● **Aim of the exercise**:
Find the word "layers" in the listing below. Copy every line that has it.

========================

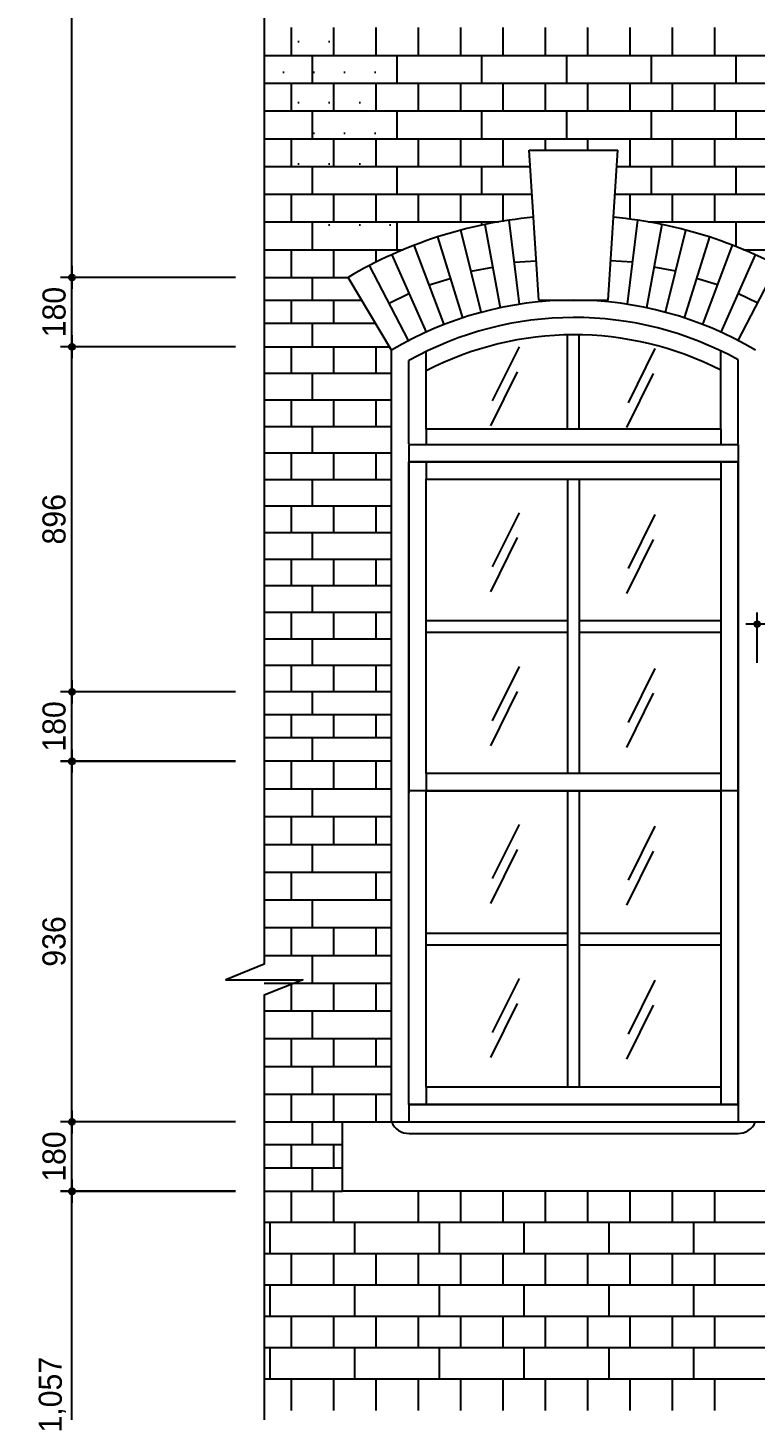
# Model space of a CAD drawing. Extents: x 194806 to 207421, y -159029 to -150119.
# Drawn here: x 197634 to 199524, y -155726 to -152133 of the extents above; entities that cross this region are included whole.
import ezdxf

# ---------------------------------------------------------------- set-up
doc = ezdxf.new("R2010")
doc.units = 0
doc.header["$LTSCALE"] = 50
doc.header["$MEASUREMENT"] = 0
doc.header["$PDMODE"] = 35
doc.header["$PDSIZE"] = -10
doc.layers.get('0').update_dxf_attribs({"linetype": 'CONTINUOUS'})
doc.layers.get('DEFPOINTS').update_dxf_attribs({"linetype": 'CONTINUOUS'})
for name, color, linetype in [('DIM', 7, 'CONTINUOUS'), ('ele-3', 6, 'CONTINUOUS'), ('FIN', 5, 'CONTINUOUS'), ('h', 5, 'CONTINUOUS'), ('HAT', 5, 'CONTINUOUS'), ('WID', 4, 'CONTINUOUS')]:
    doc.layers.add(name, color=color, linetype=linetype)
doc.styles.add('현창', font='HYWULM_0.TTF')
doc.dimstyles.new('ISO-25', dxfattribs={"dimscale": 20, "dimtxt": 4, "dimasz": 1, "dimexe": 2, "dimexo": 5, "dimtad": 1, "dimlunit": 6, "dimtxsty": '현창', "dimblk": 'DIMDOT', "dimcen": 2.5, "dimadec": 0, "dimazin": 0, "dimtfac": 1, "dimtmove": 0, "dimatfit": 3, "dimldrblk": 'DIMDOT', "dimfxl": 1, "dimarcsym": 0})

# ---------------------------------------------------------------- blocks, each defined once
blk = doc.blocks.new('DIMDOT')
at = {"linetype": 'Continuous'}
blk.add_line((-2, 0), (2, 0), dxfattribs=at)
for radius in [0.5, 0.25]:
    blk.add_circle((0, 0), radius, dxfattribs=at)
blk = doc.blocks.new('*D6')
at = {"color": 0, "lineweight": -2}
for p, q in [((198173.4, -151845.3), (197718.8, -151845.3)), ((197748.8, -152767.3), (197748.8, -151860.3)), ((198173.4, -152782.3), (197718.8, -152782.3))]:
    blk.add_line(p, q, dxfattribs=at)
at = {"layer": 'DEFPOINTS', "color": 0}
for p in [(197748.8, -151845.3), (198248.4, -151845.3), (198248.4, -152782.3)]:
    blk.add_point(p, dxfattribs=at)
at = {"color": 0, "lineweight": -2, "xscale": 15, "yscale": 15, "zscale": 15}
for p, rotation in [((197748.8, -151845.3), 90), ((197748.8, -152782.3), 270)]:
    blk.add_blockref('DIMDOT', p, dxfattribs=dict(at, rotation=rotation))
at = {"color": 0, "insert": (197702.6, -152016.5), "char_height": 60, "attachment_point": 5, "rotation": 90, "style": '현창'}
blk.add_mtext('937', dxfattribs=at)
blk = doc.blocks.new('*D7')
at = {"color": 0, "lineweight": -2}
for p, q in [((198173.4, -152782.3), (197718.8, -152782.3)), ((197748.8, -152947.3), (197748.8, -152797.3)), ((198173.4, -152962.3), (197718.8, -152962.3))]:
    blk.add_line(p, q, dxfattribs=at)
at = {"layer": 'DEFPOINTS', "color": 0}
for p in [(197748.8, -152782.3), (198248.4, -152782.3), (198248.4, -152962.3)]:
    blk.add_point(p, dxfattribs=at)
at = {"color": 0, "lineweight": -2, "xscale": 15, "yscale": 15, "zscale": 15}
for p, rotation in [((197748.8, -152782.3), 90), ((197748.8, -152962.3), 270)]:
    blk.add_blockref('DIMDOT', p, dxfattribs=dict(at, rotation=rotation))
at = {"color": 0, "insert": (197702.6, -152872.3), "char_height": 60, "attachment_point": 5, "rotation": 90, "style": '현창'}
blk.add_mtext('180', dxfattribs=at)
blk = doc.blocks.new('*D8')
at = {"color": 0, "lineweight": -2}
for p, q in [((198173.4, -152962.9), (197718.8, -152962.9)), ((197748.8, -153843.9), (197748.8, -152977.9)), ((198173.4, -153858.9), (197718.8, -153858.9))]:
    blk.add_line(p, q, dxfattribs=at)
at = {"layer": 'DEFPOINTS', "color": 0}
for p in [(197748.8, -152962.9), (198248.4, -152962.9), (198248.4, -153858.9)]:
    blk.add_point(p, dxfattribs=at)
at = {"color": 0, "lineweight": -2, "xscale": 15, "yscale": 15, "zscale": 15}
for p, rotation in [((197748.8, -152962.9), 90), ((197748.8, -153858.9), 270)]:
    blk.add_blockref('DIMDOT', p, dxfattribs=dict(at, rotation=rotation))
at = {"color": 0, "insert": (197702.5, -153410.6), "char_height": 60, "attachment_point": 5, "rotation": 90, "style": '현창'}
blk.add_mtext('896', dxfattribs=at)
blk = doc.blocks.new('*D9')
at = {"color": 0, "lineweight": -2}
for p, q in [((198173.4, -153858.9), (197718.8, -153858.9)), ((197748.8, -154023.9), (197748.8, -153873.9)), ((198173.4, -154038.9), (197718.8, -154038.9))]:
    blk.add_line(p, q, dxfattribs=at)
at = {"layer": 'DEFPOINTS', "color": 0}
for p in [(197748.8, -153858.9), (198248.4, -153858.9), (198248.4, -154038.9)]:
    blk.add_point(p, dxfattribs=at)
at = {"color": 0, "lineweight": -2, "xscale": 15, "yscale": 15, "zscale": 15}
for p, rotation in [((197748.8, -153858.9), 90), ((197748.8, -154038.9), 270)]:
    blk.add_blockref('DIMDOT', p, dxfattribs=dict(at, rotation=rotation))
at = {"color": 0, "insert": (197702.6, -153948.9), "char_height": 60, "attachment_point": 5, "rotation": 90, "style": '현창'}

========================

● **Written reply**:
doc.layers.get('0').update_dxf_attribs({"linetype": 'CONTINUOUS'})
doc.layers.get('DEFPOINTS').update_dxf_attribs({"linetype": 'CONTINUOUS'})
    doc.layers.add(name, color=color, linetype=linetype)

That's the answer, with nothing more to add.